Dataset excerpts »
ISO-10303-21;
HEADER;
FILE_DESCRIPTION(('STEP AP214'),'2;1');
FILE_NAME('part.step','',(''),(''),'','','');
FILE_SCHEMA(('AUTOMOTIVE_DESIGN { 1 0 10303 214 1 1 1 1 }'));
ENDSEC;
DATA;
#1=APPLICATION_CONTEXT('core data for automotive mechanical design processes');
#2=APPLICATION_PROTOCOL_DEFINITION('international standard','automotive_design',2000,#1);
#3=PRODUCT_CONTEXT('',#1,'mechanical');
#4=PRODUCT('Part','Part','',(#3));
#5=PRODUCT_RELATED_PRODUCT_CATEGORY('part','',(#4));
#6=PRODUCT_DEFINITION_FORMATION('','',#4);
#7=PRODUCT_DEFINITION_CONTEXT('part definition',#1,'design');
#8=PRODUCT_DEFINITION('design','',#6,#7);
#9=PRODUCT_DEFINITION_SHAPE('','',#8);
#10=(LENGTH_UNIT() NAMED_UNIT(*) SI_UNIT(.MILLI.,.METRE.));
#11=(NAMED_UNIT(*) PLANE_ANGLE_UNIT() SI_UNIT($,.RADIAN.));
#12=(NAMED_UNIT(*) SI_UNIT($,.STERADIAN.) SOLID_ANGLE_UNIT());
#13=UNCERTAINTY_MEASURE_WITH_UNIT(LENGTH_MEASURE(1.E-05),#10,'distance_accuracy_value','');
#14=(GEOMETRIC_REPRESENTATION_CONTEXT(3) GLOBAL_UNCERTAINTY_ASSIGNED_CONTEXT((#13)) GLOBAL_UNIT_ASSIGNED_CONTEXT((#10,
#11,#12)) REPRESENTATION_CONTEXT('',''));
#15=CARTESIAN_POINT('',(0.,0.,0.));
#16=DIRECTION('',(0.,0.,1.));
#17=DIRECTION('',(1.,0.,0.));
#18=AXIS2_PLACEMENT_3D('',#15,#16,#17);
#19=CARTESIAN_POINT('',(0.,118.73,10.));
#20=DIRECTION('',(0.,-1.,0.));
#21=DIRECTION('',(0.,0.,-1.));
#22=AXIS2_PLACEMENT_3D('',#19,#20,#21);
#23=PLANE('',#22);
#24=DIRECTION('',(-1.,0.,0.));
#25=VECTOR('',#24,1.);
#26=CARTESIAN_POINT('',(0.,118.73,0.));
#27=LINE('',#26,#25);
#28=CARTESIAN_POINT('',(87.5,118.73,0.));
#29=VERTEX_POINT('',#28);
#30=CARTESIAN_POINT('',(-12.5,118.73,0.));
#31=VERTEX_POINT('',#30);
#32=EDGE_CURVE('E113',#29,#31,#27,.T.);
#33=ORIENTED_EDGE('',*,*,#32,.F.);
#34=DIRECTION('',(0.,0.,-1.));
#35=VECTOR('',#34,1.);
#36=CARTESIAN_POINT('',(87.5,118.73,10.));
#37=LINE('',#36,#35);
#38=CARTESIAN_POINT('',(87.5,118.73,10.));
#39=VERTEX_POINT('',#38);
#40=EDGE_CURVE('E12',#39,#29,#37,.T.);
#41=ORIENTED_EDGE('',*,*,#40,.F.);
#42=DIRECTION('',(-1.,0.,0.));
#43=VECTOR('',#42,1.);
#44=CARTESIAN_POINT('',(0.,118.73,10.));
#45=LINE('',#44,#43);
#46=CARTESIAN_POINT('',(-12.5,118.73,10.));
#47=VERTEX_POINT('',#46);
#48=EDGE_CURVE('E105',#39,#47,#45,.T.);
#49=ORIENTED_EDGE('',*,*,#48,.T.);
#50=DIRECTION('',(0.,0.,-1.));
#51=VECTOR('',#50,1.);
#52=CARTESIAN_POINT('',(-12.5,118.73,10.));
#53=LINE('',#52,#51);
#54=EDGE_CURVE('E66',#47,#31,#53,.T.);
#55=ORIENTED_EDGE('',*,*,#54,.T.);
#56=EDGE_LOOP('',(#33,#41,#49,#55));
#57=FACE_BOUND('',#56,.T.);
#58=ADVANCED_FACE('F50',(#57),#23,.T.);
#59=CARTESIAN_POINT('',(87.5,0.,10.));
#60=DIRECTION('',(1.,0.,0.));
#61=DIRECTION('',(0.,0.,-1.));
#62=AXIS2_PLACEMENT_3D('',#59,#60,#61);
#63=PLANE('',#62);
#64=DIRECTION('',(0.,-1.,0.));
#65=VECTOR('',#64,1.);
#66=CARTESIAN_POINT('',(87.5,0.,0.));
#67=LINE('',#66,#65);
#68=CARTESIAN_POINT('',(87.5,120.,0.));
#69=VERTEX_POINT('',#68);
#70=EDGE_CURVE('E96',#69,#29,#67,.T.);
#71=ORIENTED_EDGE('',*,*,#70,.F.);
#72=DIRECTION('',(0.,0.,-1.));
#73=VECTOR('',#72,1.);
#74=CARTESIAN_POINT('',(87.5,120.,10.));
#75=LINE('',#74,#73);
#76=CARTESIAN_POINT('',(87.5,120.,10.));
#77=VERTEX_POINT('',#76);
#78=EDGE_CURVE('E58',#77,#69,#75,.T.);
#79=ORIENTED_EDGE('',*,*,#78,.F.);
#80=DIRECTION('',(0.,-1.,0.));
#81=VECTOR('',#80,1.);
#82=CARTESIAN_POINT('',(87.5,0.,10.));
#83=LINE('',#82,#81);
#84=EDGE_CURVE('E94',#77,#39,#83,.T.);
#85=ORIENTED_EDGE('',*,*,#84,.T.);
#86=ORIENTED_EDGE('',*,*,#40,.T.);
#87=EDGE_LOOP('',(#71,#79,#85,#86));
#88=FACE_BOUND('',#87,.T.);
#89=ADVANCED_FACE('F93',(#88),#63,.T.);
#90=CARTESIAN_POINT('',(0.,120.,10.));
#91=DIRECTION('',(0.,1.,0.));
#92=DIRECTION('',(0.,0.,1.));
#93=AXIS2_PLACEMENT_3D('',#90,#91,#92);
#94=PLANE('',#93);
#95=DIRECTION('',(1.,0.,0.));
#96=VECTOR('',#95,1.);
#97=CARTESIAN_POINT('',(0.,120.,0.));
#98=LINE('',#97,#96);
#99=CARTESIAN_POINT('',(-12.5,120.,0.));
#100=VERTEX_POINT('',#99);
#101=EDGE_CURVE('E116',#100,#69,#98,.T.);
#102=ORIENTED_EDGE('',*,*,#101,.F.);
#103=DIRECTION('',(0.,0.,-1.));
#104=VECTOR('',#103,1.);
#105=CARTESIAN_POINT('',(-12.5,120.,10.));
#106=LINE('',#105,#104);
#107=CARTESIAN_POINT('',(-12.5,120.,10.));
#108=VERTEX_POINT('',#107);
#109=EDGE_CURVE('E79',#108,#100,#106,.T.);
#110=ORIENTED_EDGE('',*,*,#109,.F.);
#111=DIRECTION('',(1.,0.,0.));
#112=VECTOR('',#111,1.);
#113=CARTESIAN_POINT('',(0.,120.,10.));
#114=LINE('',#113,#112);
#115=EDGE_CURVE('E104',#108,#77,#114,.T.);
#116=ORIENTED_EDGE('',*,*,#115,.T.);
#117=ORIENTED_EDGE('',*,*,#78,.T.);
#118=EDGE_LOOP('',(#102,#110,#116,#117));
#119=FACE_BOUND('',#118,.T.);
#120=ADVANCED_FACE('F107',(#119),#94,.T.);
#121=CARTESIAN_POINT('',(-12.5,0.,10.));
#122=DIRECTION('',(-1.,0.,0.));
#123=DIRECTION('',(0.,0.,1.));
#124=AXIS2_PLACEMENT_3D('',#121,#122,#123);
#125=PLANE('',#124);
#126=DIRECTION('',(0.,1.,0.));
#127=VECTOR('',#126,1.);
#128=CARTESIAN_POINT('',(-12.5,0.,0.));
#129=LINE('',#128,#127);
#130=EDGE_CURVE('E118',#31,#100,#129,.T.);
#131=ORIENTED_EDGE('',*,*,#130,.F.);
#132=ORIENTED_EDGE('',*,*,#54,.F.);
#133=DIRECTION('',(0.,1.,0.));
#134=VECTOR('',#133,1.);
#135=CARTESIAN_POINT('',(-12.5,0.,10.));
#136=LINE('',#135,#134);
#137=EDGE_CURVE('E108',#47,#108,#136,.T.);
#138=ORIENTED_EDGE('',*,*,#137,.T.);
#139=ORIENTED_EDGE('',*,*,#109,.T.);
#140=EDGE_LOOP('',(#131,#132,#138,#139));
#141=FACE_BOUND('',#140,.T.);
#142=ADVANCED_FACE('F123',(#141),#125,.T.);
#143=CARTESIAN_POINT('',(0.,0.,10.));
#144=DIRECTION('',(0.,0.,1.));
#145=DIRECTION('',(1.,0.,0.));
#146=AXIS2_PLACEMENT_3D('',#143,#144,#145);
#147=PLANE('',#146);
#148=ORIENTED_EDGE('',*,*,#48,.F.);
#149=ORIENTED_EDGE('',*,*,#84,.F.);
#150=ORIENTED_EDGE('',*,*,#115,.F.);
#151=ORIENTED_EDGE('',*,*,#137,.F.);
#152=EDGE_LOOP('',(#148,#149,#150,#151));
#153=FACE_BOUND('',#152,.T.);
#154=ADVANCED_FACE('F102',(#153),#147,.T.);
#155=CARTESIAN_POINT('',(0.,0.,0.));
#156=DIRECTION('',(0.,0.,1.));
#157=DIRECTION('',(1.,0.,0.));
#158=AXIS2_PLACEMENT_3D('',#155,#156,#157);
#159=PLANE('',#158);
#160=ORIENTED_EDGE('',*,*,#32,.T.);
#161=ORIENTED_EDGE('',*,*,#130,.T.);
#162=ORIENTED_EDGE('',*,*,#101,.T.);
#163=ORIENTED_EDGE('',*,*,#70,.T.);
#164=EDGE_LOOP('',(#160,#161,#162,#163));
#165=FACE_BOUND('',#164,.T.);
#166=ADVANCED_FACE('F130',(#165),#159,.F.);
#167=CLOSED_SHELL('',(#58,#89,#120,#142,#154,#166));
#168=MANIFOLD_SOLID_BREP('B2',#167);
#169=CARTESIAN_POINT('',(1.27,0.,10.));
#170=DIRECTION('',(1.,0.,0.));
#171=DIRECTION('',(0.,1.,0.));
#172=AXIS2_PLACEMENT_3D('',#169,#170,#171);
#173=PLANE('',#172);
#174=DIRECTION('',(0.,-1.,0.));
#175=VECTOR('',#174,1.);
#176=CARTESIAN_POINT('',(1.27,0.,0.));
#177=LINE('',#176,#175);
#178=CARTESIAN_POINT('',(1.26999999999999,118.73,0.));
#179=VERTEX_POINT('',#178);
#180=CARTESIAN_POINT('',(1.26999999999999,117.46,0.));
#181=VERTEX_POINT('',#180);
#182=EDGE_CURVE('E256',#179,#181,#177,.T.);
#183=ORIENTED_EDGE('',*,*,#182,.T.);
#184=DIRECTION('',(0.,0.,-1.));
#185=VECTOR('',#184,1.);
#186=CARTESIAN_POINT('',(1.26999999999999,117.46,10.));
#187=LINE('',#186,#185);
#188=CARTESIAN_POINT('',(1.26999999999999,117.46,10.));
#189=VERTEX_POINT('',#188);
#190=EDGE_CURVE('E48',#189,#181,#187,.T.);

What you should do »
Your answer must be the data above, copied exactly from its first line through the line containing "#9=PRODUCT_DEFINITION_SHAPE('','',#8);", and nothing more.

Written solution »
ISO-10303-21;
HEADER;
FILE_DESCRIPTION(('STEP AP214'),'2;1');
FILE_NAME('part.step','',(''),(''),'','','');
FILE_SCHEMA(('AUTOMOTIVE_DESIGN { 1 0 10303 214 1 1 1 1 }'));
ENDSEC;
DATA;
#1=APPLICATION_CONTEXT('core data for automotive mechanical design processes');
#2=APPLICATION_PROTOCOL_DEFINITION('international standard','automotive_design',2000,#1);
#3=PRODUCT_CONTEXT('',#1,'mechanical');
#4=PRODUCT('Part','Part','',(#3));
#5=PRODUCT_RELATED_PRODUCT_CATEGORY('part','',(#4));
#6=PRODUCT_DEFINITION_FORMATION('','',#4);
#7=PRODUCT_DEFINITION_CONTEXT('part definition',#1,'design');
#8=PRODUCT_DEFINITION('design','',#6,#7);
#9=PRODUCT_DEFINITION_SHAPE('','',#8);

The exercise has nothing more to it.